This study addresses the challenge of directly discovering governing equations of dynamical systems from observed trajectories, moving beyond mere state prediction to uncover intrinsic system structure. To this end, the authors propose a data-driven approach based on complex-valued product unit networks, whose outputs are sparse linear combinations of complex monomials. This method automatically learns nonlinear terms—including those with fractional or negative exponents—without requiring a pre-specified library of candidate functions, thereby overcoming a key limitation of traditional approaches such as SINDy. It represents the first end-to-end framework capable of identifying governing equations in the form of complex monomials. Evaluated on four chaotic systems, the method recovers the true equations with 70%–90% success rates, and when applied to real human gait signals, it generates stable trajectories with test errors as low as 12%–14% of the signal amplitude range.

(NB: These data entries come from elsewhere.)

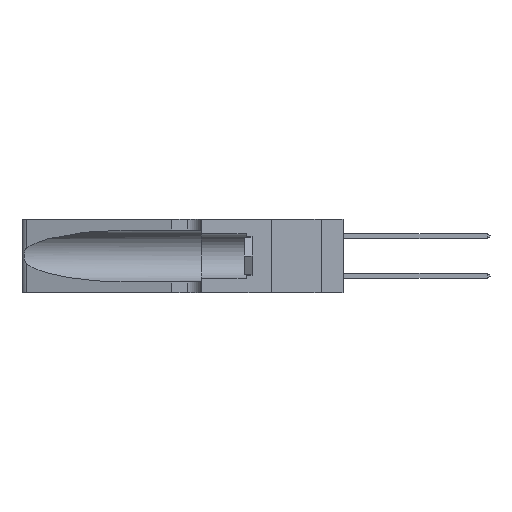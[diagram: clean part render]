
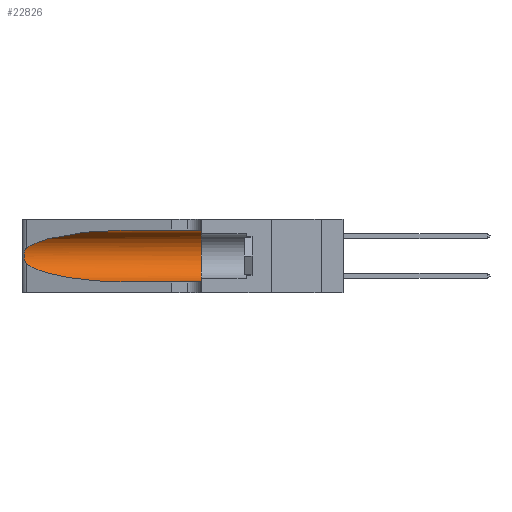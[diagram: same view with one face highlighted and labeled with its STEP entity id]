
A CAD part, left-side view. The second image highlights one B-rep face of the part: STEP entity #22826.
In plain terms, the highlighted cylindrical face has radius 3.308 mm (diameter 6.617 mm), a partial arc.
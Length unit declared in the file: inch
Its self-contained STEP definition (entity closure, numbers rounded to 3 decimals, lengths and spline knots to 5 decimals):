
#538 = ORIENTED_EDGE ( 'NONE', *, *, #18850, .F. ) ;
#746 = CARTESIAN_POINT ( 'NONE',  ( 0.1305, 0.35, 0.05475 ) ) ;
#1074 = VERTEX_POINT ( 'NONE', #34719 ) ;
#2142 = EDGE_CURVE ( 'NONE', #22444, #1074, #11441, .T. ) ;
#2182 = CARTESIAN_POINT ( 'NONE',  ( 0.25487, 1.22718, 0.22369 ) ) ;
#2303 = CARTESIAN_POINT ( 'NONE',  ( 0.25789, 1.23486, 0.15765 ) ) ;
#2703 = DIRECTION ( 'NONE',  ( 0., 0., -1. ) ) ;
#2985 = CARTESIAN_POINT ( 'NONE',  ( 0.1305, 1.61858, 0.31525 ) ) ;
#3228 = CARTESIAN_POINT ( 'NONE',  ( 0.25487, 1.22718, 0.14631 ) ) ;
#4141 = VERTEX_POINT ( 'NONE', #11987 ) ;
#5165 = CARTESIAN_POINT ( 'NONE',  ( 0.25555, 1.22993, 0.14849 ) ) ;
#5246 = CARTESIAN_POINT ( 'NONE',  ( 0.25487, 1.22718, 0.14631 ) ) ;
#7594 = CARTESIAN_POINT ( 'NONE',  ( 0.18966, 0.96281, 0.31525 ) ) ;
#7624 = ORIENTED_EDGE ( 'NONE', *, *, #10294, .T. ) ;
#8150 = CARTESIAN_POINT ( 'NONE',  ( 0.18966, 0.96281, 0.05475 ) ) ;
#10294 = EDGE_CURVE ( 'NONE', #1074, #36428, #30088, .T. ) ;
#10830 = CARTESIAN_POINT ( 'NONE',  ( 0.25787, 1.23484, 0.2124 ) ) ;
#11441 =( BOUNDED_CURVE ( )  B_SPLINE_CURVE ( 3, ( #5246, #25018, #8150, #27816 ),
 .UNSPECIFIED., .F., .T. ) 
 B_SPLINE_CURVE_WITH_KNOTS ( ( 4, 4 ),
 ( 3.44316, 4.71239 ),
 .UNSPECIFIED. ) 
 CURVE ( )  GEOMETRIC_REPRESENTATION_ITEM ( )  RATIONAL_B_SPLINE_CURVE ( ( 1., 0.87, 0.87, 1. ) ) 
 REPRESENTATION_ITEM ( '' )  );
#11987 = CARTESIAN_POINT ( 'NONE',  ( 0.25487, 1.22718, 0.22369 ) ) ;
#12011 = CARTESIAN_POINT ( 'NONE',  ( 0.1305, 0.35, 0.31525 ) ) ;
#12130 = DIRECTION ( 'NONE',  ( 0., -1., 0. ) ) ;
#12558 =( BOUNDED_CURVE ( )  B_SPLINE_CURVE ( 3, ( #27289, #7594, #30103, #13342 ),
 .UNSPECIFIED., .F., .T. ) 
 B_SPLINE_CURVE_WITH_KNOTS ( ( 4, 4 ),
 ( 1.5708, 2.84003 ),
 .UNSPECIFIED. ) 
 CURVE ( )  GEOMETRIC_REPRESENTATION_ITEM ( )  RATIONAL_B_SPLINE_CURVE ( ( 1., 0.87, 0.87, 1. ) ) 
 REPRESENTATION_ITEM ( '' )  );
#12972 = VECTOR ( 'NONE', #31106, 39.37008 ) ;
#13342 = CARTESIAN_POINT ( 'NONE',  ( 0.25487, 1.22718, 0.22369 ) ) ;
#13391 = ORIENTED_EDGE ( 'NONE', *, *, #2142, .T. ) ;
#13664 = CARTESIAN_POINT ( 'NONE',  ( 0.26018, 1.23835, 0.19895 ) ) ;
#13872 = LINE ( 'NONE', #2985, #12972 ) ;
#14932 = DIRECTION ( 'NONE',  ( 0., 1., 0. ) ) ;
#16482 = CARTESIAN_POINT ( 'NONE',  ( 0.26075, 1.23896, 0.178 ) ) ;
#16968 = EDGE_CURVE ( 'NONE', #4141, #22444, #28272, .T. ) ;
#17729 = CYLINDRICAL_SURFACE ( 'NONE', #18615, 0.13025 ) ;
#17849 = VECTOR ( 'NONE', #12130, 39.37008 ) ;
#18610 = FACE_OUTER_BOUND ( 'NONE', #28049, .T. ) ;
#18615 = AXIS2_PLACEMENT_3D ( 'NONE', #36439, #19723, #2703 ) ;
#18832 = VERTEX_POINT ( 'NONE', #12011 ) ;
#18850 = EDGE_CURVE ( 'NONE', #18832, #36428, #33728, .T. ) ;
#19197 = CARTESIAN_POINT ( 'NONE',  ( 0.25555, 1.22994, 0.2215 ) ) ;
#19321 = CARTESIAN_POINT ( 'NONE',  ( 0.25856, 1.23593, 0.16098 ) ) ;
#19723 = DIRECTION ( 'NONE',  ( 0., -1., 0. ) ) ;
#20098 = ORIENTED_EDGE ( 'NONE', *, *, #16968, .T. ) ;
#20748 = EDGE_CURVE ( 'NONE', #23897, #18832, #13872, .T. ) ;
#21358 = AXIS2_PLACEMENT_3D ( 'NONE', #31714, #14932, #34518 ) ;
#22164 = CARTESIAN_POINT ( 'NONE',  ( 0.25639, 1.23186, 0.15144 ) ) ;
#22444 = VERTEX_POINT ( 'NONE', #3228 ) ;
#22826 = ADVANCED_FACE ( 'NONE', ( #18610 ), #17729, .F. ) ;
#23239 = ORIENTED_EDGE ( 'NONE', *, *, #32970, .T. ) ;
#23897 = VERTEX_POINT ( 'NONE', #26716 ) ;
#24843 = ORIENTED_EDGE ( 'NONE', *, *, #20748, .F. ) ;
#24933 = CARTESIAN_POINT ( 'NONE',  ( 0.25487, 1.22718, 0.14631 ) ) ;
#25018 = CARTESIAN_POINT ( 'NONE',  ( 0.2373, 1.15595, 0.08982 ) ) ;
#26088 = CARTESIAN_POINT ( 'NONE',  ( 0.1305, 1.61858, 0.05475 ) ) ;
#26716 = CARTESIAN_POINT ( 'NONE',  ( 0.1305, 0.72297, 0.31525 ) ) ;
#27289 = CARTESIAN_POINT ( 'NONE',  ( 0.1305, 0.72297, 0.31525 ) ) ;
#27620 = CARTESIAN_POINT ( 'NONE',  ( 0.25639, 1.23184, 0.21858 ) ) ;
#27816 = CARTESIAN_POINT ( 'NONE',  ( 0.1305, 0.72297, 0.05475 ) ) ;
#28049 = EDGE_LOOP ( 'NONE', ( #23239, #20098, #13391, #7624, #538, #24843 ) ) ;
#28272 = B_SPLINE_CURVE_WITH_KNOTS ( 'NONE', 3,
 ( #2182, #19197, #27620, #10830, #30443, #13664, #33239, #16482, #36045, #19321, #2303, #22164, #5165, #24933 ),
 .UNSPECIFIED., .F., .F.,
 ( 4, 2, 2, 2, 2, 2, 4 ),
 ( 0., 0.00027, 0.00053, 0.00107, 0.0016, 0.00187, 0.00214 ),
 .UNSPECIFIED. ) ;
#30088 = LINE ( 'NONE', #26088, #17849 ) ;
#30103 = CARTESIAN_POINT ( 'NONE',  ( 0.2373, 1.15595, 0.28018 ) ) ;
#30443 = CARTESIAN_POINT ( 'NONE',  ( 0.25854, 1.2359, 0.20912 ) ) ;
#31106 = DIRECTION ( 'NONE',  ( 0., -1., 0. ) ) ;
#31714 = CARTESIAN_POINT ( 'NONE',  ( 0.1305, 0.35, 0.185 ) ) ;
#32970 = EDGE_CURVE ( 'NONE', #23897, #4141, #12558, .T. ) ;
#33239 = CARTESIAN_POINT ( 'NONE',  ( 0.26075, 1.23896, 0.19203 ) ) ;
#33728 = CIRCLE ( 'NONE', #21358, 0.13025 ) ;
#34518 = DIRECTION ( 'NONE',  ( 0., 0., 1. ) ) ;
#34719 = CARTESIAN_POINT ( 'NONE',  ( 0.1305, 0.72297, 0.05475 ) ) ;
#36045 = CARTESIAN_POINT ( 'NONE',  ( 0.26017, 1.23833, 0.17102 ) ) ;
#36428 = VERTEX_POINT ( 'NONE', #746 ) ;
#36439 = CARTESIAN_POINT ( 'NONE',  ( 0.1305, 1.61858, 0.185 ) ) ;

Discovering the governing equations of a dynamical system from observed trajectories provides deeper insight into its structure than mere prediction of future states. We present a data-driven approach to model discovery based on complex-valued product-unit networks, in which each unit represents a complex monomial and the network output is a sparse linear combination of such monomials. In contrast to established library-based methods such as SINDy, our approach does not require a predefined set of candidate functions: the relevant monomials, including those with fractional or negative exponents, are learned directly from data. Across four chaotic benchmark systems (Lorenz63, Lorenz84, the Four-Wing attractor, and a fractional variant of Lorenz63), we recover the exact governing equations in 90% of trials for the first three systems, and in 70-90% of trials for the fractional case, using at least 3000 training points. Applied to real-world human-gait accelerometer signals, the model produced stable trajectories with bounded prediction errors, corresponding to an RMSE of approximately 12-14% of the signal amplitude range over a test horizon three times longer than the training interval, demonstrating its potential for high-dimensional systems in which analytic equations are unavailable.